Speaking to Business Day on the sidelines of the inaugural Tito Mboweni Memorial Lecture on Thursday, Kganyago said the Reserve Bank’s focus is on whether price shocks spread beyond their initial impact.

“The rise in oil prices gets felt immediately at the pump,” he said. “The way in which a central bank reacts to those shocks is understanding the nature of the shock and whether those shocks lead to other prices rising outside of the fuel price.

“If we exclude fuel prices from overall inflation, prices are beginning to rise, and we expect that they will continue to rise and peak in the first quarter of next year. And that is what monetary policy has to address.”

Price stability

Asked about the balance between the need for lower inflation and lower interest rates to support the economy, Kganyago said price stability remains the Bank’s long-term objective.

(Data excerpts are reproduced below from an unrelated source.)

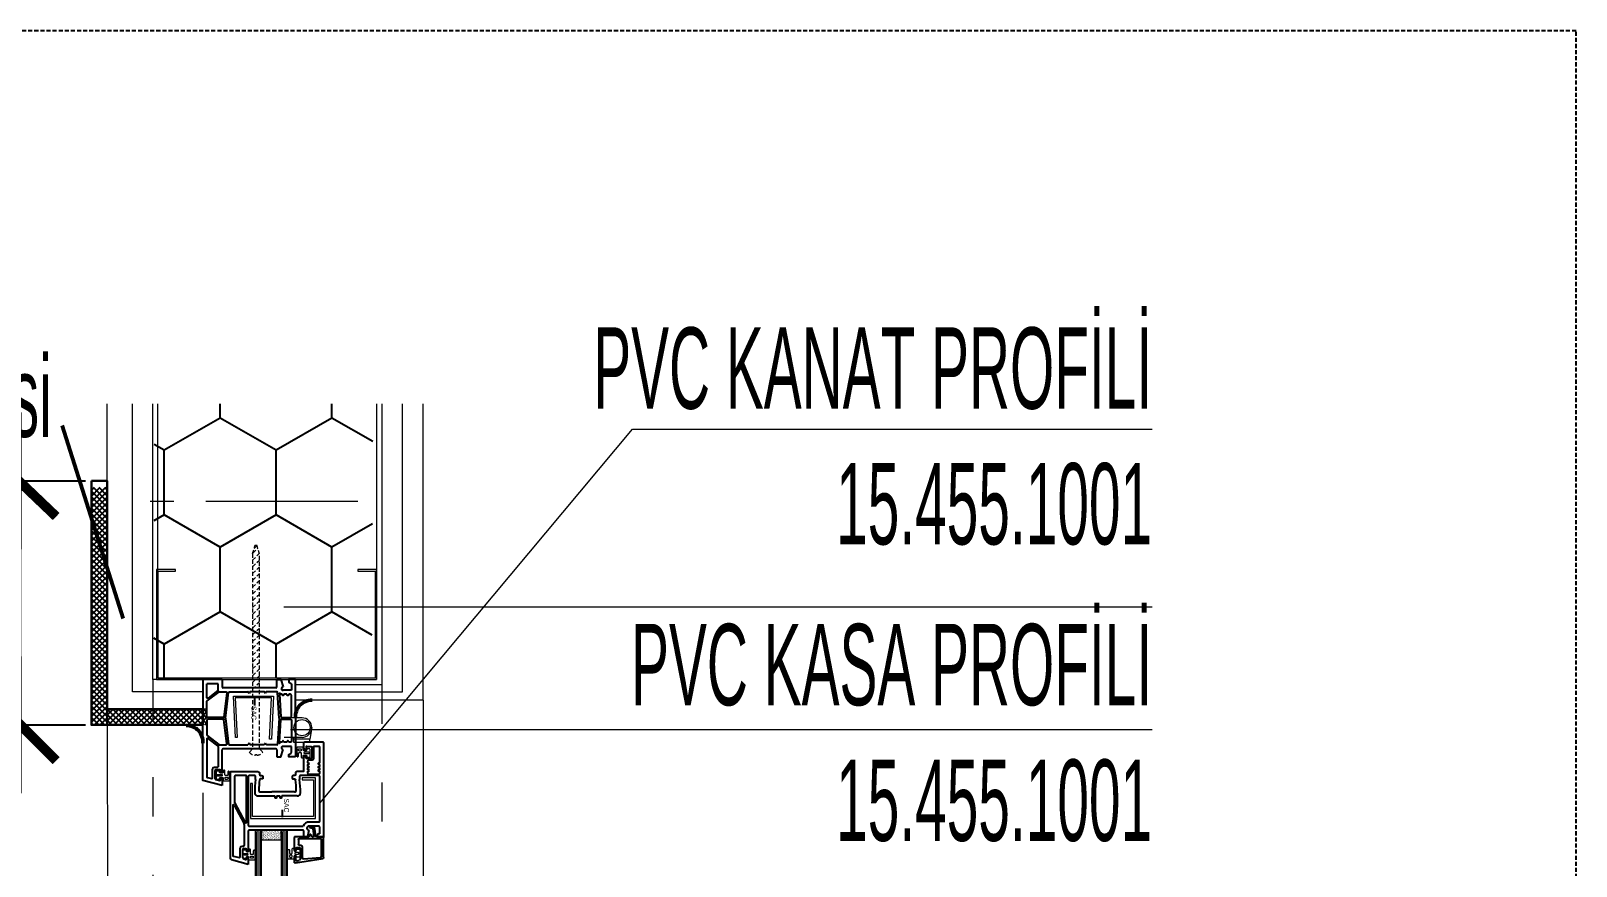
# Model space of a CAD drawing. Header units: centimetres. Extents: x -373760 to 14750, y -122502 to 29584.
# Drawn here: x -170757 to -168383, y -83131 to -81848 of the extents above; entities that cross this region are included whole.
import ezdxf

# ---------------------------------------------------------------- set-up
doc = ezdxf.new("R2010")
doc.units = ezdxf.units.CM
for name, pattern in [('ACAD_ISO03W100', [30, 12, -18]), ('DASHED2', [0.375, 0.25, -0.125]), ('DUZ', [0]), ('HIDDEN', [0.375, 0.25, -0.125])]:
    doc.linetypes.add(name, pattern=pattern)
for name, color, linetype, lineweight in [('Betonarme', 4, 'Continuous', 20), ('cam', 130, 'DUZ', 9), ('CIVI', 254, 'Continuous', 13), ('CONTA', 230, 'Continuous', 18), ('D', 4, 'Continuous', 5), ('DEVRİM', 1, 'Continuous', 50), ('GOR-030', 213, 'Continuous', 30), ('GORUNUS01', 56, 'Continuous', 9), ('İZDÜŞÜM-TEKAY', 252, 'DASHED2', 25), ('İÇ SIVA-TEKAY', 21, 'Continuous', 18), ('MACUN', 201, 'Continuous', 15), ('MENTEŞE', 171, 'Continuous', 15), ('OLCU', 7, 'Continuous', 25), ('OLCU IC DUSEY', 33, 'Continuous', 20), ('Part', 1, 'Continuous', 0), ('PVC_PROFIL', 51, 'Continuous', 25), ('YAZI', 5, 'Continuous', 0), ('ÖLÇÜ', 3, 'Continuous', 25)]:
    doc.layers.add(name, color=color, linetype=linetype, lineweight=lineweight)
doc.layers.add('EPS', color=7, linetype='Continuous', true_color=0x55aa8c)
for name, color, linetype in [('HATCH', 8, 'Continuous'), ('Tarama', 253, 'Continuous'), ('TEXT', 7, 'Continuous')]:
    doc.layers.add(name, color=color, linetype=linetype)
doc.styles.add('ARıAL', font='arial.ttf')
doc.styles.get("Standard").update_dxf_attribs({"font": 'arial.ttf'})
doc.styles.add('TURKCE', font='arial.ttf', dxfattribs={"width": 0.5})
doc.dimstyles.new('içölçü', dxfattribs={"dimtxt": 10, "dimasz": 5, "dimexe": 4, "dimexo": 1, "dimgap": 1, "dimtad": 2, "dimdec": 0, "dimzin": 0, "dimdsep": 46, "dimtxsty": 'Standard', "dimblk": 'ARCHTICK', "dimcen": 1, "dimdle": 3, "dimadec": 0, "dimazin": 0, "dimtfac": 1, "dimtdec": 0, "dimtofl": 0, "dimtmove": 0, "dimatfit": 3, "dimldrblk": 'ARCHTICK', "dimfxl": 1, "dimtolj": 1, "dimtzin": 0, "dimarcsym": 0})

# ---------------------------------------------------------------- blocks, each defined once
blk = doc.blocks.new('CITA1')
at = {"layer": 'PVC_PROFIL'}
for p, q in [((-10, 10.51), (-10, 13.85)), ((-9.2, 10.01), (-9.5, 10.01)), ((-9.37, 14.34), (7.63, 11.61)), ((-9, 12.54), (-9, 10.21)), ((-8.37, 13.03), (-6.87, 12.62)), ((-6.5, 5.51), (-6.5, 12.13)), ((-5, 11.45), (-5, 4.51)), ((-4.37, 11.94), (6.13, 10.98)), ((6.5, 0), (6.5, 10.5)), ((8, 11.13), (8, -1.24)), ((-9.2, 6.51), (-9.5, 6.51)), ((-9, 5.51), (-9, 6.31)), ((-8.5, 5.01), (-7, 5.01)), ((-7.5, 0), (-7.5, 3.01)), ((-7, 3.51), (-6, 3.51)), ((6, -0.5), (-7, -0.5)), ((-0.62, -2.74), (-0.84, -2.18)), ((-0.5, -7.52), (-0.5, -7.52)), ((0.07, -3.06), (-0.16, -3.06)), ((1.1, -7.02), (0, -7.02)), ((1.97, -8.02), (0, -8.02)), ((0.57, -2.24), (0.57, -2.56)), ((1.7, -1.74), (1.07, -1.74)), ((2.2, -2.3), (1.6, -6.59)), ((3.23, -2.17), (2.47, -7.59)), ((7.5, -1.74), (3.72, -1.74))]:
    blk.add_line(p, q, dxfattribs=at)
blk.add_lwpolyline([(-1.14, -1.74), (-9.5, -1.74, -0.414214), (-10, -1.24), (-10, 6.01)], format="xyb", dxfattribs=at)
for points in [[(1.7, -1.74), (1.07, -1.74)], [(5.06, -1.74), (3.72, -1.74)]]:
    blk.add_lwpolyline(points, dxfattribs=at)
for centre, radius, start, end in [((-9.5, 13.85), 0.5, 74.74488, 180), ((-9.5, 10.51), 0.5, 180, 270), ((-9.2, 10.21), 0.2, 270, 0), ((-8.5, 12.54), 0.5, 74.74488, 180), ((-7, 12.13), 0.5, 0, 74.74488), ((-4.5, 11.45), 0.5, 74.74488, 180), ((6, 10.5), 0.5, 0, 74.74488), ((7.5, 11.13), 0.5, 0, 74.74488), ((-9.5, 6.01), 0.5, 90, 180), ((-9.2, 6.31), 0.2, 0, 90), ((-8.5, 5.51), 0.5, 180, 270), ((-7, 3.01), 0.5, 90, 180), ((-7, 0), 0.5, 180, 270), ((-7, 5.51), 0.5, 270, 0), ((-6, 4.51), 1, 270, 0), ((6, 0), 0.5, 270, 0), ((-2.48, -2.95), 1.81, 25.14541, 42.24398), ((-0.16, -2.56), 0.5, 201.24995, 270), ((0, -7.52), 0.5, 90, 180), ((0, -7.52), 0.5, 180, 270), ((0.07, -2.56), 0.5, 270, 0), ((1.07, -2.24), 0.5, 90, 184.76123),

“In the short run we will face shocks. There is nothing monetary policy can do about those shocks. What we can do is ensure that in the long run inflation is low and stable,” he said.

“In the long run, that trade-off does not exist. And that is what we should actually be focusing on. And that is what Tito Mboweni knew.”

Kganyago said the legacy of the late former Reserve Bank governor, who held the position from 1999 to 2009 and died in 2024, extended beyond inflation targeting.

“I would like to associate Mboweni’s legacy with transparency and accountability to the people of South Africa. He took central banking to the people, and the monetary policy forums meant that we were able to interact with people broader than the analyst community we normally interact with.”

Worsening imbalances

The lecture was delivered by Axel Weber, former president of the Bundesbank.

Drawing on a recent report prepared for the G7, Weber warned that global economic imbalances are increasing and that IMF and World Bank projections suggest they will continue to grow.

China continues to rely heavily on exports due to weak domestic demand, the EU faces weak internal demand and investment, and the US is running huge fiscal deficits, Weber said.

“These structural divergences underpin persistent external imbalances and will continue to contribute, if not corrected, to global tensions,” he said.

He criticised the use of tariffs to address trade imbalances and raised concerns about US fiscal deficits and its dependence on capital inflows from the rest of the world.

“This is a massive refinancing of the US from the rest of the world,” Weber said.

Weber referred to Mboweni’s economic views repeatedly, saying the former governor and finance minister believed in macroeconomic stability, international co-operation and disciplined public finances.

“He believed in rules-based, co-operative, credible central bank policy, open markets with safeguards and disciplined public finance,” Weber said.

Mboweni would probably have warned that smaller economies such as South Africa could face weaker growth, inflationary shocks and social instability if major economies failed to co-operate, he added.